Step-by-step explanation:
The student has asked for the calculation of the maximum annual profit for a manufacturer of zip drives with given revenue and cost functions, R(x) = 520x - 0.02x² and C(x) = 160x + 100,000. To determine this, we must first find the profit function by subtracting the cost function from the revenue function, P(x) = R(x) - C(x). Then, we need to find the derivative of this profit function to determine the number of drives that would yield the maximum profit. We set this derivative equal to zero to find the critical points and then check these points to find the maximum profit.
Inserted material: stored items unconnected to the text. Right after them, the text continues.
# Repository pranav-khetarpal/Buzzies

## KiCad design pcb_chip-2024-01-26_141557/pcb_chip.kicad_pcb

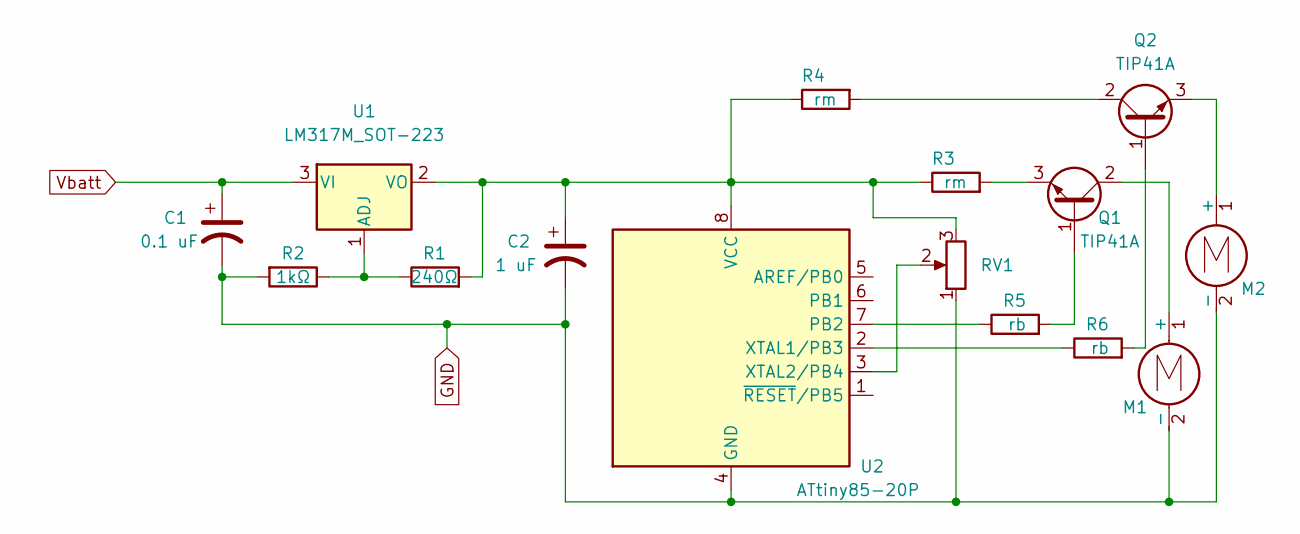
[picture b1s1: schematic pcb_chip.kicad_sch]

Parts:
C1: 0.1 uF; CP_Elec_4x5.4
C2: 1 uF; CP_Elec_4x5.4
M1, M2: vib_mot; PinHeader_1x02_P2.54mm_Vertical
Q1, Q2: TIP41A; SOT-23
R1: 240Ω; R_1206_3216Metric
R2: 1kΩ; R_1206_3216Metric
R3, R4: rm; R_1206_3216Metric
R5, R6: rb; R_1206_3216Metric
RV1: R_Potentiometer
U1: LM317M_SOT-223; SOT-223-3_TabPin2
U2: ATtiny85-20P; DIP-8_W7.62mm

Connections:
GND: C1.2, C2.2, M1.2 (-), M2.2 (-), R2.2, RV1.1, U2.4 (GND); also elsewhere on the board
unnamed: M1.1 (+), Q1.2 (C)
unnamed: M2.1 (+), Q2.3 (E)
unnamed: Q1.1 (B), R5.2
unnamed: Q1.3 (E), R3.2
unnamed: Q2.1 (B), R6.2
unnamed: Q2.2 (C), R4.2
unnamed: R1.1, R2.1, U1.1 (ADJ)
unnamed: C2.1, R1.2, R3.1, R4.1, RV1.3, U1.2 (VO), U2.8 (VCC)
unnamed: R5.1, U2.7 (PB2)
unnamed: R6.1, U2.2 (XTAL1/PB3)
unnamed: RV1.2, U2.3 (XTAL2/PB4)
Vbatt: C1.1, U1.3 (VI); also elsewhere on the board

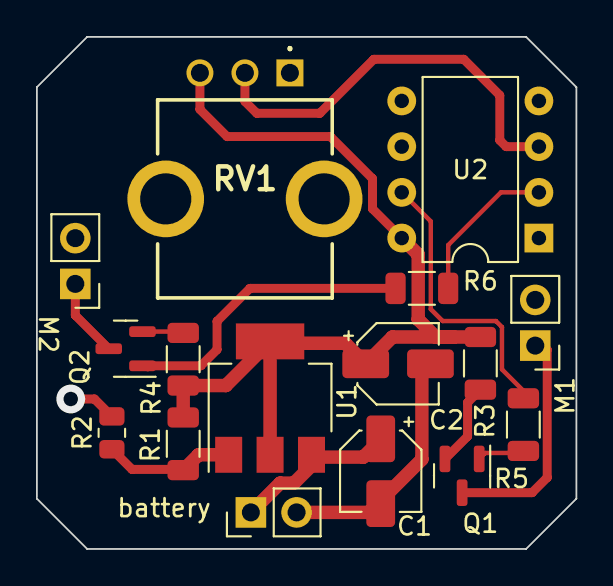
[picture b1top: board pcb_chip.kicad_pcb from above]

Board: 2 copper layers, 30.0 x 28.4 mm, 16 parts (0 on the bottom side), 13 nets.

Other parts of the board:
battery: vib_mot; PinHeader_1x02_P2.54mm_Vertical

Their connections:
GND: battery.2 (-); also elsewhere on the board
Vbatt: battery.1 (+); also elsewhere on the board

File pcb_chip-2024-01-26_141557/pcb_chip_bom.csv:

"Id";"Designator";"Footprint";"Quantity";"Designation";"Supplier and ref";
1;"U2";"DIP-8_W7.62mm";1;"ATtiny85-20P";;;
2;"R6,R5";"R_1206_3216Metric";2;"rb";;;
3;"Q1,Q2";"SOT-23";2;"TIP41A";;;
4;"R3,R4";"R_1206_3216Metric";2;"rm";;;
5;"C2";"CP_Elec_4x5.4";1;"1 uF";;;
6;"R2";"R_0805_2012Metric";1;"1kΩ";;;
7;"R1";"R_1206_3216Metric";1;"240Ω";;;
8;"RV1";"PTV09A4030SA503";1;"R_Potentiometer";;;
9;"M2,M1,battery";"PinHeader_1x02_P2.54mm_Vertical";3;"vib_mot";;;
10;"C1";"CP_Elec_4x5.4";1;"0.1 uF";;;
11;"U1";"SOT-223-3_TabPin2";1;"LM317M_SOT-223";;;

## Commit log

2024-10-14 Initial Upload
2024-10-15 Working intensity and time change
2024-11-03 Update with pcb chip files
2025-01-09 Moving Unneeded Arduino Files
2025-01-09 Cleaning Up Unneeded Projects

The options provided are hinting towards very large profits, so we should expect x to be large as well when maximizing profit.
First, calculate the profit function:
P(x) = R(x) - C(x)
P(x) = (520x - 0.02x²) - (160x + 100,000)
P(x) = 360x - 0.02x² - 100,000.
Next, find the derivative of the profit function:
P'(x) = 360 - 0.04x.
To find the maximum profit, set the derivative equal to zero and solve for x:
0 = 360 - 0.04x
0.04x = 360
x = 9000.
Now, use this value of x to calculate the maximum profit:
P(9000) = 360(9000) - 0.02(9000)² - 100,000
P(9000) = 3,240,000 - 1,620,000 - 100,000
P(9000) = $1,520,000.
The maximum annual profit is therefore $1,520,000, which corresponds to option C.